◆ Action item: In the entries below, find every line holding the string "linetype" and collect it.

Stored entries
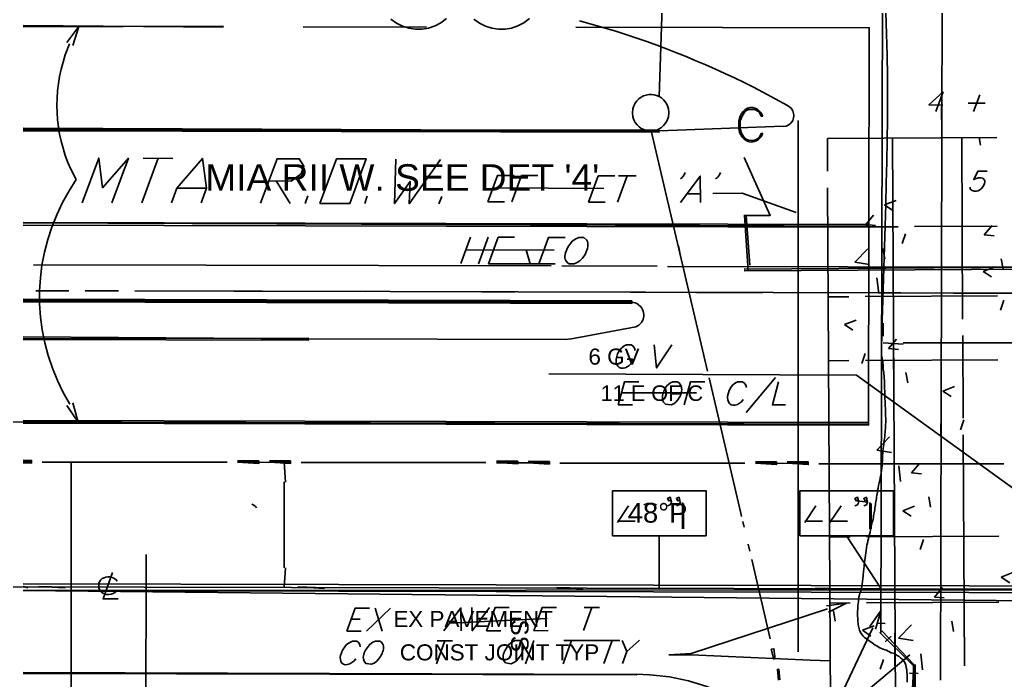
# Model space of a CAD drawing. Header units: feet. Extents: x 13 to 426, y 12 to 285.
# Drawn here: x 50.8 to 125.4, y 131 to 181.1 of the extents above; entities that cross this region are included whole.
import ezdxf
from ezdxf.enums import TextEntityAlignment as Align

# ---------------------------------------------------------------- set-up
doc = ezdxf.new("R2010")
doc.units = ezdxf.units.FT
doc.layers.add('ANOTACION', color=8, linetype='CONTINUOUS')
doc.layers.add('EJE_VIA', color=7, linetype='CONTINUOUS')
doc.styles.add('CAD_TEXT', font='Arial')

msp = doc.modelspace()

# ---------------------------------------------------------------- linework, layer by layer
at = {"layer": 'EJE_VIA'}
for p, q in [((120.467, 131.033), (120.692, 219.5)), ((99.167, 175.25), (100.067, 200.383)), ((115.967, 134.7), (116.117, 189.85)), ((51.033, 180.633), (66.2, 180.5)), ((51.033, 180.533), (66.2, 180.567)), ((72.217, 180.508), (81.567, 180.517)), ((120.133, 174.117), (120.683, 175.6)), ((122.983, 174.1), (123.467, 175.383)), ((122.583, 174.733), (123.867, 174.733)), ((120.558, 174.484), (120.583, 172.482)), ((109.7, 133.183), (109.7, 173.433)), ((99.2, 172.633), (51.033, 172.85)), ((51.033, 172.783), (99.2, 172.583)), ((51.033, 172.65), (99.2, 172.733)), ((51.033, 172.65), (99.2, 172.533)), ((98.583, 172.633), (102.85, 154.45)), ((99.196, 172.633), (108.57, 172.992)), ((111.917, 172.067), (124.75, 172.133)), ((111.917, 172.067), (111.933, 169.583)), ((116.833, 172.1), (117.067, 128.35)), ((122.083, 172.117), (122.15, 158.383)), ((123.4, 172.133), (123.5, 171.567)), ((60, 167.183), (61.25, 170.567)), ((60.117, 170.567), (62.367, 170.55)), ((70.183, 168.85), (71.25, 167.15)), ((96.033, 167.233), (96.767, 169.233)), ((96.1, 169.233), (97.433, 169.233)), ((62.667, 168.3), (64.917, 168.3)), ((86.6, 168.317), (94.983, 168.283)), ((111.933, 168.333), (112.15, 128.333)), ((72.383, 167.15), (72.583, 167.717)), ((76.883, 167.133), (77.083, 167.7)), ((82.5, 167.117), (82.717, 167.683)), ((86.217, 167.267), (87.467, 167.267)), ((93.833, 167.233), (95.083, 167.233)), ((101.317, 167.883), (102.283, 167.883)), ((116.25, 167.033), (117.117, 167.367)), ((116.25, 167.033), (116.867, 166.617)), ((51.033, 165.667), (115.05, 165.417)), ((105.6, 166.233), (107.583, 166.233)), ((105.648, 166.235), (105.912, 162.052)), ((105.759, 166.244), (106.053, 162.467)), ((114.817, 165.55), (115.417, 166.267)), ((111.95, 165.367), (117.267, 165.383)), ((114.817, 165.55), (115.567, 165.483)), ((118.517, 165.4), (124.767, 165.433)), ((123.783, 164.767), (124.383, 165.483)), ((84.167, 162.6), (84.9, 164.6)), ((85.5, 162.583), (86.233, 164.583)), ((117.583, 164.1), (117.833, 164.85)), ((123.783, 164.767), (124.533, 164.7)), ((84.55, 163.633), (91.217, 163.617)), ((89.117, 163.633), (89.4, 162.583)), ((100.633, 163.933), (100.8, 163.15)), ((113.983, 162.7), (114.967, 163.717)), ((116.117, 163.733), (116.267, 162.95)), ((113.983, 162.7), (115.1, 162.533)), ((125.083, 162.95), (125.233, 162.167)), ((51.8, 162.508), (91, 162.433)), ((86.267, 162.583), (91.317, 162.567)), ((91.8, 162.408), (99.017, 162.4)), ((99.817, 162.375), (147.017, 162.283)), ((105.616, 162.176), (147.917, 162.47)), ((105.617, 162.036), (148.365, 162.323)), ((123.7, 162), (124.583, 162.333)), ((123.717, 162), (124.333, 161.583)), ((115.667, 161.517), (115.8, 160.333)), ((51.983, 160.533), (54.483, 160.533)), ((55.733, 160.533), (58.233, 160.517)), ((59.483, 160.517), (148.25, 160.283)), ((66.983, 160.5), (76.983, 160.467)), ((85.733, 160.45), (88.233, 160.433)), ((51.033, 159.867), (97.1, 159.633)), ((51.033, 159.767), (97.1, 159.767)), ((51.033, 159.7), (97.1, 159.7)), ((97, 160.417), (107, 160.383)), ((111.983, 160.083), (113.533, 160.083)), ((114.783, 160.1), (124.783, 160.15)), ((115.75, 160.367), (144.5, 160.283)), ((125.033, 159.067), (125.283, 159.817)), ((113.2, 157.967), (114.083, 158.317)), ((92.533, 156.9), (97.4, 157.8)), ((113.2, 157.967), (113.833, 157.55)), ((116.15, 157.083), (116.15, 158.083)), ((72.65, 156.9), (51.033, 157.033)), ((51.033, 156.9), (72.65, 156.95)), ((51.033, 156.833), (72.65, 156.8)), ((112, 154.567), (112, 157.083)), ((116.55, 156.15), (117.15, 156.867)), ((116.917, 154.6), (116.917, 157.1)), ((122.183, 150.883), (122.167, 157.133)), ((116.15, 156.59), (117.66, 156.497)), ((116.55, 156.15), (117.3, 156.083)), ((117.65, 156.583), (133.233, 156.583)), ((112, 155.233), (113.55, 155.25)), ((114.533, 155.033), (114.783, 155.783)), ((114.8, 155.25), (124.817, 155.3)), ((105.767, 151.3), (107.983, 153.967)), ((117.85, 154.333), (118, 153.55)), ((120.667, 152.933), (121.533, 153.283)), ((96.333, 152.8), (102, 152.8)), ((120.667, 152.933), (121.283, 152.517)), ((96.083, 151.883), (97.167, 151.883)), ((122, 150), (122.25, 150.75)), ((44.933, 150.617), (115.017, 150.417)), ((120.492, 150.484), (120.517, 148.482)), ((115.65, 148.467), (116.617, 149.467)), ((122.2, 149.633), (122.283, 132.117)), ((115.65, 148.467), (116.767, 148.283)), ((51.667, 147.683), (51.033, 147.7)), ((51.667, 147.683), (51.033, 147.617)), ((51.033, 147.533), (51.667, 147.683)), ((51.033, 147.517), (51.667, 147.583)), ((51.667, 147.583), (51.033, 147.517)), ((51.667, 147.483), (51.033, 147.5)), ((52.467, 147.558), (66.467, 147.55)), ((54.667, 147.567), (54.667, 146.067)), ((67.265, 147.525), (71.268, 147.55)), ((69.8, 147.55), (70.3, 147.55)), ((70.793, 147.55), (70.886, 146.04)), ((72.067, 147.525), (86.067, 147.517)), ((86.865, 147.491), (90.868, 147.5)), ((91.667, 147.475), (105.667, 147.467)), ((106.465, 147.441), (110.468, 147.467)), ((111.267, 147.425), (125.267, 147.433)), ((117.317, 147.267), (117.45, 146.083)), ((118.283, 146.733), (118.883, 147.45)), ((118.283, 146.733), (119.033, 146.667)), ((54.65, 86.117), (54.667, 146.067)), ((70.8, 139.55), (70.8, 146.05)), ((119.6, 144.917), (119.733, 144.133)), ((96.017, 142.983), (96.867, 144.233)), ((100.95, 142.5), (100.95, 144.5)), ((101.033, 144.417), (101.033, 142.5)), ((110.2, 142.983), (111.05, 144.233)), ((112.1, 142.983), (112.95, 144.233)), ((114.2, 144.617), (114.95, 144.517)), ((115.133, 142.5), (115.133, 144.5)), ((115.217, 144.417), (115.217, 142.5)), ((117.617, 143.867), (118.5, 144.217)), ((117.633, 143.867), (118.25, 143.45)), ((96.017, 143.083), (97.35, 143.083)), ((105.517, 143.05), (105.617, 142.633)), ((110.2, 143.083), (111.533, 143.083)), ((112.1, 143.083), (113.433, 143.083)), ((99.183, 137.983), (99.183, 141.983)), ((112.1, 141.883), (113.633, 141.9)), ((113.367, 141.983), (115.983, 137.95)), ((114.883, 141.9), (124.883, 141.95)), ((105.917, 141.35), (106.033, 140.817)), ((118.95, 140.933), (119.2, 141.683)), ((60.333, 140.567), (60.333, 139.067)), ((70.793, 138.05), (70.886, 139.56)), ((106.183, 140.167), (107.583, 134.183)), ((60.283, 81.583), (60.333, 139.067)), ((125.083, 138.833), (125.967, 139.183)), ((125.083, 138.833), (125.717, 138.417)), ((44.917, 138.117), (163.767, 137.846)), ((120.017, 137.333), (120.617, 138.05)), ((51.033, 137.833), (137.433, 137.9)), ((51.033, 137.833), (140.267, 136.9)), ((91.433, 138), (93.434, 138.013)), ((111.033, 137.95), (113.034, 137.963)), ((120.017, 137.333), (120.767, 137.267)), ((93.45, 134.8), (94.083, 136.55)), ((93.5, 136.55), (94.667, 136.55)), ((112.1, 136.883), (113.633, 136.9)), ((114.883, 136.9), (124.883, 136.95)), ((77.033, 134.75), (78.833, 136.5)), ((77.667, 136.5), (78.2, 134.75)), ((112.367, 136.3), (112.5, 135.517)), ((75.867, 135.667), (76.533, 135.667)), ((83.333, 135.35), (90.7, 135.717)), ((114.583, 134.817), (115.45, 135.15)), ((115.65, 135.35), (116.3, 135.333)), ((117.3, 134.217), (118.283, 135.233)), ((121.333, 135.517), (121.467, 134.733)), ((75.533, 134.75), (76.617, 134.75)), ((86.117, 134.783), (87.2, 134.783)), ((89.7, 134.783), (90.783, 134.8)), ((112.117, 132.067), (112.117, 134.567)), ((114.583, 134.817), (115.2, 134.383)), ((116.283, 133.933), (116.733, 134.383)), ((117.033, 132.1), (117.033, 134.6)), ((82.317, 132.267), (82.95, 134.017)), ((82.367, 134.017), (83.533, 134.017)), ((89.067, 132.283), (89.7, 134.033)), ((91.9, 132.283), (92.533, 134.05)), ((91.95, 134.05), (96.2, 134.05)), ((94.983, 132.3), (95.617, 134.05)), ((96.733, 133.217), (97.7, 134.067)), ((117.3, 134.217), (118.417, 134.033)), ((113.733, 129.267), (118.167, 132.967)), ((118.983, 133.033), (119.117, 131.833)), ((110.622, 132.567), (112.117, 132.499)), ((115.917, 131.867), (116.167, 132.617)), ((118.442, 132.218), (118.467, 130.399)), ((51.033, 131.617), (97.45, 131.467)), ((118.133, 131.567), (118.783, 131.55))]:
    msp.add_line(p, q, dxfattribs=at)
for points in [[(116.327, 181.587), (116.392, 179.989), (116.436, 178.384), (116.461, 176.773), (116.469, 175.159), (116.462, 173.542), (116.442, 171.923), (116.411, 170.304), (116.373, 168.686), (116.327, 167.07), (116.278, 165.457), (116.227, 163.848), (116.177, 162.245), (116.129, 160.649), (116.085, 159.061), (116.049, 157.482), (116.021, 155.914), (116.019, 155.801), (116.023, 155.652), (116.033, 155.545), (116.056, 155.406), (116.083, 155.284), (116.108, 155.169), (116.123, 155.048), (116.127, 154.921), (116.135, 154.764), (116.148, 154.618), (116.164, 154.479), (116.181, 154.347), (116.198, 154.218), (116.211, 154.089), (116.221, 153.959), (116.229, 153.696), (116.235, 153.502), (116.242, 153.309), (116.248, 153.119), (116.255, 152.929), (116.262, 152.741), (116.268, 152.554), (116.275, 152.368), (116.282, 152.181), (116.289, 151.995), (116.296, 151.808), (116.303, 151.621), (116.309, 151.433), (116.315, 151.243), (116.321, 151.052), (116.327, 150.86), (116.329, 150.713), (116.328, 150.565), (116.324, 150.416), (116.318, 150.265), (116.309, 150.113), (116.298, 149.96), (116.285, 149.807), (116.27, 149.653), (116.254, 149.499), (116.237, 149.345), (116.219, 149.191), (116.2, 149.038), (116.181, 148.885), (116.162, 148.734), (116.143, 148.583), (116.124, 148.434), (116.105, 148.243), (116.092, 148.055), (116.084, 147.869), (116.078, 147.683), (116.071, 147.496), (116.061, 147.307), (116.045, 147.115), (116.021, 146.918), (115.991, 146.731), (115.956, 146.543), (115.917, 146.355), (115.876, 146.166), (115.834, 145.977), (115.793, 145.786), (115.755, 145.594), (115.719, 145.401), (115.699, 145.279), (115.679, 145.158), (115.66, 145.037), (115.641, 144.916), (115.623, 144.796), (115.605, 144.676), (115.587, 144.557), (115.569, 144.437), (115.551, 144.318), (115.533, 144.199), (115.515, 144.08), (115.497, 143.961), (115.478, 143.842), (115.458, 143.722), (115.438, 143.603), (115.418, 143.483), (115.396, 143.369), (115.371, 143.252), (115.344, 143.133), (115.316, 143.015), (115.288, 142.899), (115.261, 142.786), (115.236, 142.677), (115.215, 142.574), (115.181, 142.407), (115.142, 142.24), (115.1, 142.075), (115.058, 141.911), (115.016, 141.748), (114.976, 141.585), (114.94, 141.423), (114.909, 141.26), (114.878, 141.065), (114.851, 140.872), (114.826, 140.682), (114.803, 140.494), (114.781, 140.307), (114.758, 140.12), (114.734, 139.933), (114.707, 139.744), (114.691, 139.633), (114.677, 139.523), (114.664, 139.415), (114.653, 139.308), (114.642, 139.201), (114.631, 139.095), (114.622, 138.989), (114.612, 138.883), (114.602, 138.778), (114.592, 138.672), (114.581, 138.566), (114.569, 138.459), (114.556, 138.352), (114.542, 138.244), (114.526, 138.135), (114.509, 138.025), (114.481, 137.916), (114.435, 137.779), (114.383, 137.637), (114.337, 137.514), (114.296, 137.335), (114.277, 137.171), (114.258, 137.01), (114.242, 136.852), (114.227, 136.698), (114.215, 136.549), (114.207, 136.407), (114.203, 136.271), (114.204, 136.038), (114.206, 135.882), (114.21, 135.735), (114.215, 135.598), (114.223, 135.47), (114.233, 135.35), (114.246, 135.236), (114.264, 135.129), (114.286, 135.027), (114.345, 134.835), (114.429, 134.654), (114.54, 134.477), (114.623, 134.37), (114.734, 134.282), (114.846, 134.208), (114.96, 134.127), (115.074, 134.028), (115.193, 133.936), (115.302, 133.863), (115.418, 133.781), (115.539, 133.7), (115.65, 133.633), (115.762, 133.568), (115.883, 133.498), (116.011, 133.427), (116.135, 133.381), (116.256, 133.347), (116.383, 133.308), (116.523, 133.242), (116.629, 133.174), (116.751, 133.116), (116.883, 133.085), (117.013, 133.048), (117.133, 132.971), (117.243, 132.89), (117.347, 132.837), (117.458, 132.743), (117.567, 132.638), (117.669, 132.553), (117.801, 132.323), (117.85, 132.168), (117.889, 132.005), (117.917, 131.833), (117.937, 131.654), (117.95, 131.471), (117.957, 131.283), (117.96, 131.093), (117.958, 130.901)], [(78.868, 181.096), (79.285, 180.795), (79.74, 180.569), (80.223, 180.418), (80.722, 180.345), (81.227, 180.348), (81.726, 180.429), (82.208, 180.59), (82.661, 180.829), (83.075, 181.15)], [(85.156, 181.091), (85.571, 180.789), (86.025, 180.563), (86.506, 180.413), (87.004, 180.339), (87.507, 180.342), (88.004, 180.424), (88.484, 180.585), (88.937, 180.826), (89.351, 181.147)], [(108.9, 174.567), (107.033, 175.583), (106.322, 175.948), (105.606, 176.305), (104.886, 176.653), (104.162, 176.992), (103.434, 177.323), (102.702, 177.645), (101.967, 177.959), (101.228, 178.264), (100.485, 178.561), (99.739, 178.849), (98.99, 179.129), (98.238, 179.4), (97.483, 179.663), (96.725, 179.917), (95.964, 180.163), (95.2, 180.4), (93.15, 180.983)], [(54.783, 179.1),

◆ Response to this exercise:
doc.layers.add('ANOTACION', color=8, linetype='CONTINUOUS')
doc.layers.add('EJE_VIA', color=7, linetype='CONTINUOUS')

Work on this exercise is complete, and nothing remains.